START DATASET RECORDS

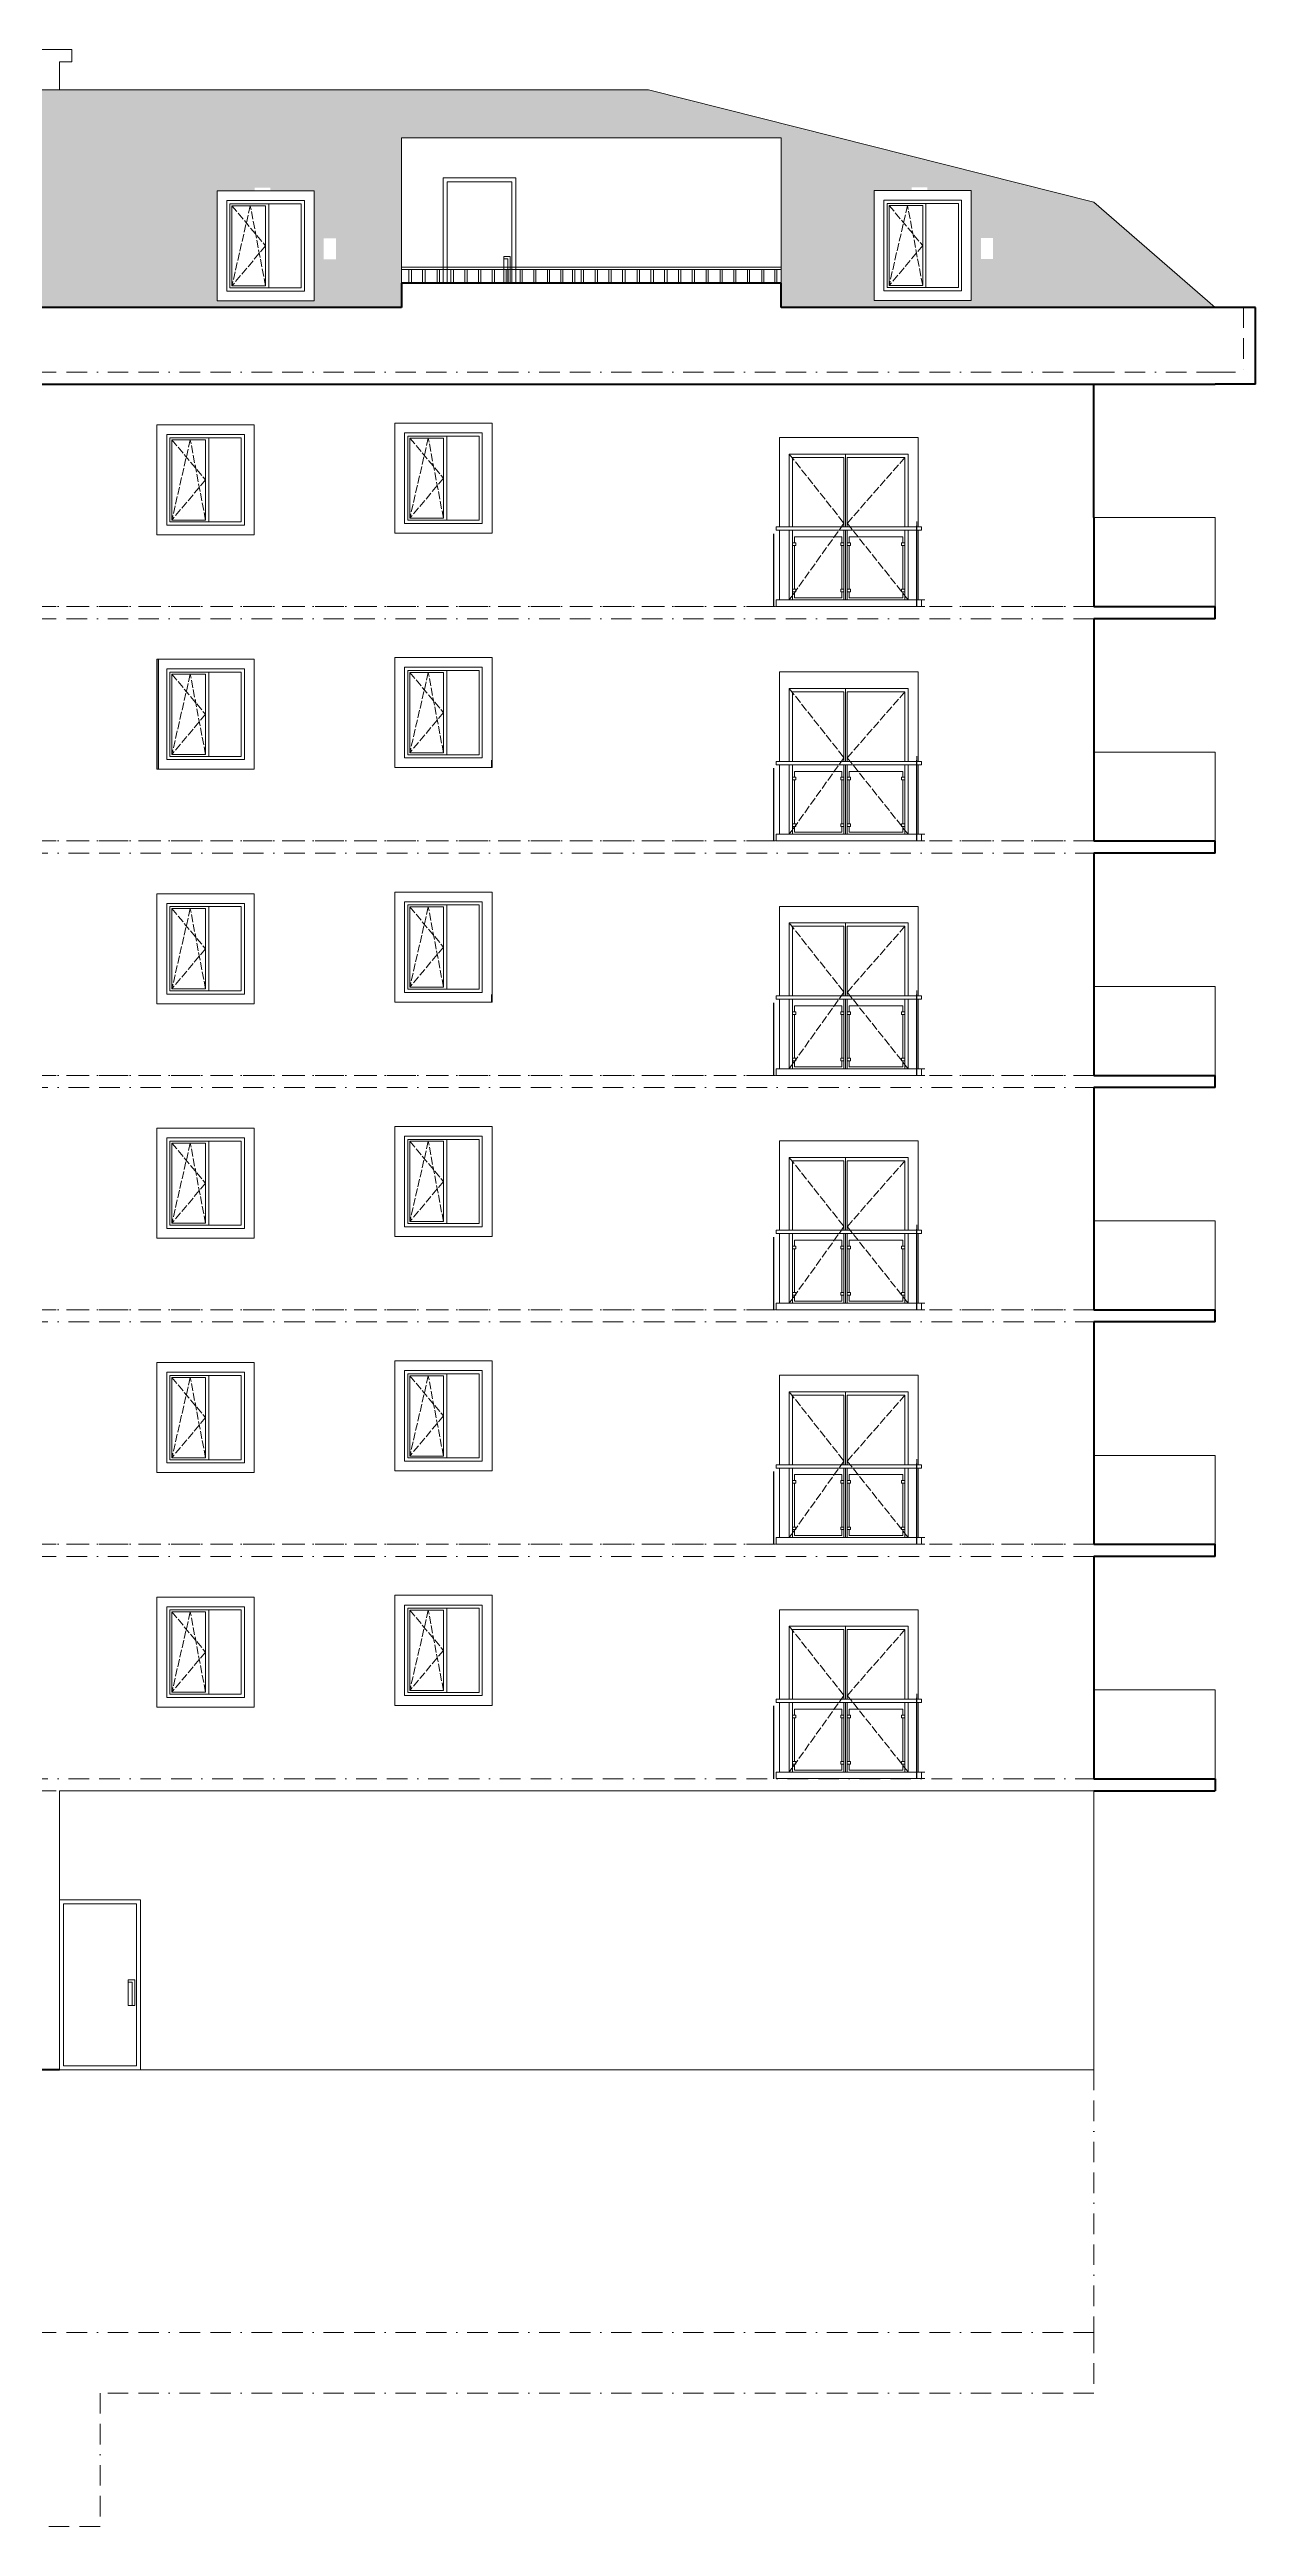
# Model space of a CAD drawing. Header units: millimetres. Extents: x 2990 to 12965, y 2692 to 30610.
# Drawn here: x 11472 to 12965, y 2692 to 5756 of the extents above; entities that cross this region are included whole.
import ezdxf

# ---------------------------------------------------------------- set-up
doc = ezdxf.new("R2010")
doc.units = ezdxf.units.MM
doc.linetypes.add('ACAD_ISO02W100', pattern=[15, 12, -3])
doc.linetypes.add('BORDERX2', pattern=[88.9, 25.4, -12.7, 25.4, -12.7, 0, -12.7])
for name, color, linetype, lineweight in [('SEM_DUVAR1', 136, 'Continuous', 40), ('SEM_IC OLCU', 140, 'Continuous', 13), ('SEM_KAPI', 30, 'Continuous', 18), ('SEM_PENCERE', 133, 'Continuous', 13), ('SEM_TEFRIS', 225, 'Continuous', 9), ('SEM_YAZI2', 53, 'Continuous', 9)]:
    doc.layers.add(name, color=color, linetype=linetype, lineweight=lineweight)
doc.styles.get("Standard").update_dxf_attribs({"font": 'arial.ttf'})
doc.styles.add('ÖLÇÜ YAZI', font='arial.ttf')
doc.dimstyles.new('1-50-İC', dxfattribs={"dimtxt": 10, "dimasz": 7, "dimexe": 5, "dimexo": 25, "dimgap": 5, "dimtad": 1, "dimdec": 0, "dimtxsty": 'Standard', "dimblk": 'ORIGIN', "dimcen": 5, "dimdle": 7, "dimclrd": 256, "dimclre": 256, "dimclrt": 256, "dimadec": 0, "dimazin": 0, "dimtfac": 1, "dimtdec": 0, "dimtix": 1, "dimtmove": 0, "dimatfit": 3, "dimldrblk": 'ORIGIN', "dimfxl": 1, "dimlwd": -1, "dimlwe": -1, "dimarcsym": 0})
doc.dimstyles.new('ÖLÇÜ50', dxfattribs={"dimscale": 100, "dimtxt": 0.1, "dimasz": 0.05, "dimexe": 0.02, "dimexo": 0.1, "dimgap": 0.02, "dimtad": 1, "dimdec": 0, "dimrnd": 0.5, "dimzin": 9, "dimdsep": 46, "dimtxsty": 'ÖLÇÜ YAZI', "dimblk": 'OBLIQUE', "dimcen": 0, "dimdle": 0.02, "dimclrd": 256, "dimclre": 256, "dimclrt": 256, "dimadec": 0, "dimazin": 0, "dimtfac": 1, "dimtdec": 0, "dimtix": 1, "dimtmove": 2, "dimatfit": 3, "dimldrblk": 'DOT', "dimfxl": 0.2, "dimfxlon": 1, "dimarcsym": 0})

# ---------------------------------------------------------------- blocks, each defined once
blk = doc.blocks.new('_Oblique')
at = {"color": 0, "linetype": 'ByBlock', "lineweight": -2}
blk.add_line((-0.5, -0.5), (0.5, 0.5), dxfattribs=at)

END DATASET RECORDS

> [PROMPT]
State how many lines of the data contain the word "dimtad". Nothing besides the number belongs in the reply.

> [WRITTEN ANSWER]
2